My friends and I move in an amoeba-like cluster over to an open table near the windows and sit down. We munch away on our lunches, chatting, and I chatter like a ventriloquist’s dummy, and all of us laugh, and then I start crying, but right myself quickly. “Enough of that!” I say, wiping my nose, making a grand gesture, “all’s well!” And everyone is relieved, and I have a brilliant idea! I pick up my personal pizza and whip it across the room like a Frisbee! And it lands perfectly in front of Leah Pederson, whom I hate! “Yes!” I shout, triumphant, and the entire lunchroom is laughing, and it’s time to go back to class. I gather my books and my friends and walk calmly down the hall and fling myself into my chair with an enormous sigh.
This time I will be good, I promise myself. This time I won’t make a scene. My heart pounds and I feel another round of hysterical laughter welling up in my chest. I press my face between my hands. I will hold it in. I won’t get detention. I won’t get kicked out of class. I won’t punch Jeff Carver. I won’t turn over any desks, or throw any chairs. I sit up in my chair, open my notebook, click my pen. I stare straight ahead at the teacher who is shuffling papers and handing them out. I will be good. I will, I will, I will.
I SIT IN THE OFFICE of my mother’s shrink. The air circulates slowly in the room. I turn in circles in my swivel chair. To my right, through the window, two floors down, is the parking lot and the sunny, empty afternoon. A small man with square black glasses and gray hair sits kicked back in his leather office chair, watching me.
“What would you like to talk about today?” he asks.
I keep turning in circles. I shrug. “What do you want me to say?”

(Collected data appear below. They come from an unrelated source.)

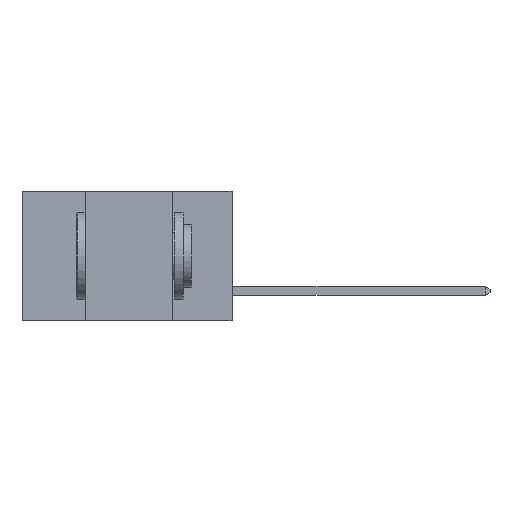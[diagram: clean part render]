
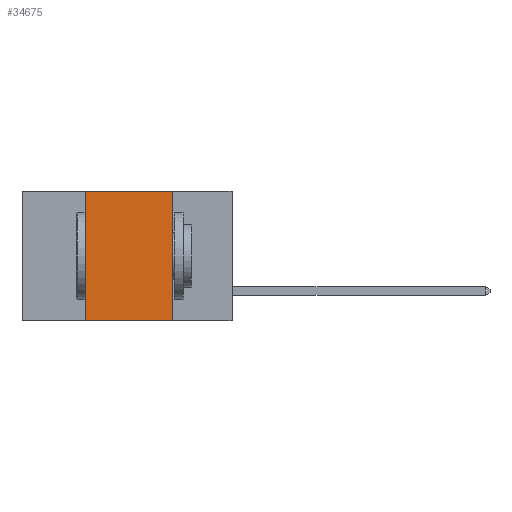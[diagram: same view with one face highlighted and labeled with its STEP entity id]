
A CAD part, left-side view. The second image highlights one B-rep face of the part: STEP entity #34675.
In plain terms, the highlighted planar face has unit normal (-1, 0, 0).
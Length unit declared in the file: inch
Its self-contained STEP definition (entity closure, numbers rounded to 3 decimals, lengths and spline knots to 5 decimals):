
#48 = DIRECTION ( 'NONE',  ( 0., 0., -1. ) ) ;
#261 = AXIS2_PLACEMENT_3D ( 'NONE', #24930, #25069, #22013 ) ;
#1281 = CARTESIAN_POINT ( 'NONE',  ( 0., 0.17, -0.37 ) ) ;
#2125 = CARTESIAN_POINT ( 'NONE',  ( 0., 0.17, 0. ) ) ;
#2324 = CARTESIAN_POINT ( 'NONE',  ( 0., 0.6, 0. ) ) ;
#3683 = LINE ( 'NONE', #8704, #18102 ) ;
#7259 = ORIENTED_EDGE ( 'NONE', *, *, #24992, .F. ) ;
#8704 = CARTESIAN_POINT ( 'NONE',  ( 0., 0.42, 0. ) ) ;
#11206 = ORIENTED_EDGE ( 'NONE', *, *, #23982, .T. ) ;
#12501 = CARTESIAN_POINT ( 'NONE',  ( 0., 0.6, -0.37 ) ) ;
#12528 = CARTESIAN_POINT ( 'NONE',  ( 0., 0.17, 0. ) ) ;
#13408 = VECTOR ( 'NONE', #31049, 39.37008 ) ;
#14788 = EDGE_LOOP ( 'NONE', ( #19478, #26599, #7259, #11206 ) ) ;
#17653 = CARTESIAN_POINT ( 'NONE',  ( 0., 0.42, 0. ) ) ;
#18102 = VECTOR ( 'NONE', #21576, 39.37008 ) ;
#18563 = VERTEX_POINT ( 'NONE', #1281 ) ;
#19266 = CARTESIAN_POINT ( 'NONE',  ( 0., 0.42, -0.37 ) ) ;
#19478 = ORIENTED_EDGE ( 'NONE', *, *, #31098, .F. ) ;
#19558 = VERTEX_POINT ( 'NONE', #19266 ) ;
#21576 = DIRECTION ( 'NONE',  ( 0., 0., 1. ) ) ;
#22013 = DIRECTION ( 'NONE',  ( 0., 0., -1. ) ) ;
#22083 = DIRECTION ( 'NONE',  ( 0., -1., 0. ) ) ;
#23598 = FACE_OUTER_BOUND ( 'NONE', #14788, .T. ) ;
#23982 = EDGE_CURVE ( 'NONE', #19558, #18563, #31627, .T. ) ;
#24337 = VECTOR ( 'NONE', #48, 39.37008 ) ;
#24930 = CARTESIAN_POINT ( 'NONE',  ( 0., 0.6, 0. ) ) ;
#24992 = EDGE_CURVE ( 'NONE', #19558, #27258, #3683, .T. ) ;
#25069 = DIRECTION ( 'NONE',  ( 1., 0., 0. ) ) ;
#26599 = ORIENTED_EDGE ( 'NONE', *, *, #37140, .F. ) ;
#27258 = VERTEX_POINT ( 'NONE', #17653 ) ;
#31049 = DIRECTION ( 'NONE',  ( 0., -1., 0. ) ) ;
#31098 = EDGE_CURVE ( 'NONE', #32064, #18563, #33239, .T. ) ;
#31627 = LINE ( 'NONE', #12501, #39043 ) ;
#32064 = VERTEX_POINT ( 'NONE', #2125 ) ;
#33239 = LINE ( 'NONE', #12528, #24337 ) ;
#34675 = ADVANCED_FACE ( 'NONE', ( #23598 ), #40831, .F. ) ;
#35248 = LINE ( 'NONE', #2324, #13408 ) ;
#37140 = EDGE_CURVE ( 'NONE', #27258, #32064, #35248, .T. ) ;
#39043 = VECTOR ( 'NONE', #22083, 39.37008 ) ;
#40831 = PLANE ( 'NONE',  #261 ) ;
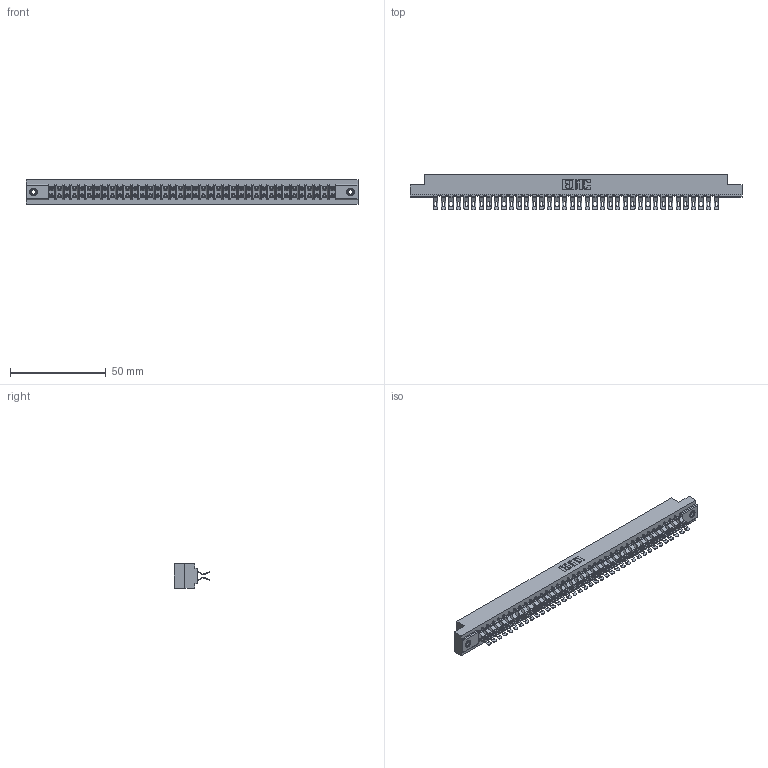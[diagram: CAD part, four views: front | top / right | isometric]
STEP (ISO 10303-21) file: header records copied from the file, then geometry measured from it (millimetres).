
FILE_DESCRIPTION (( 'STEP AP203' ), '1' );
FILE_NAME ('307-076-455-208.STEP', '2020-10-01T05:27:17', ( '' ), ( '' ), 'SwSTEP 2.0', 'SolidWorks 2020', '' );
FILE_SCHEMA (( 'CONFIG_CONTROL_DESIGN' ));
Length unit declared in the file: inch
Products named in the file (4): 345-250-001_345-250-003-102; 307-290-001_555; 307 Part_.156 Dia Mounting Holes; 307-076-455-208
Assembly tree (79 placements, depth 2):
  307-076-455-208
    307 Part_.156 Dia Mounting Holes
    307-290-001_555  x76
    345-250-001_345-250-003-102  x2
Bounding box: 173.58 x 18.75 x 12.7 mm (x, y, z)
Volume: 18650.1 mm3; surface area: 24016.2 mm2
Topology: 79 solids, 79 shells, 4853 faces, 14215 edges, 9262 vertices
Faces by surface type: plane 2686, cylinder 2073, sphere 78, cone 12, torus 4
Entity records: 36008 total; most frequent: CARTESIAN_POINT 5881, ORIENTED_EDGE 5824, DIRECTION 5778, EDGE_CURVE 2912, LINE 2220, VECTOR 2220, VERTEX_POINT 1882, AXIS2_PLACEMENT_3D 1779

“What would you like to say?”
I look out the window, count the red cars in the parking lot, then the blue. “I don’t have anything to say.”
We sit in silence. The minutes tick by.
“What are you thinking right now?” he asks.
“Nothing particular.” I turn to face him. He scribbles something on his yellow notepad.
“What are you writing?” I ask.
He gazes at me. “What do you think I’m writing?” he asks.
“I haven’t the faintest idea,” I say.
He scribbles some more.
“Are you supposed to be helping me?” I ask.
“Do you think you need help?”
I turn to face the window again. “I don’t know.” From the corner of my eye, I see him write something down.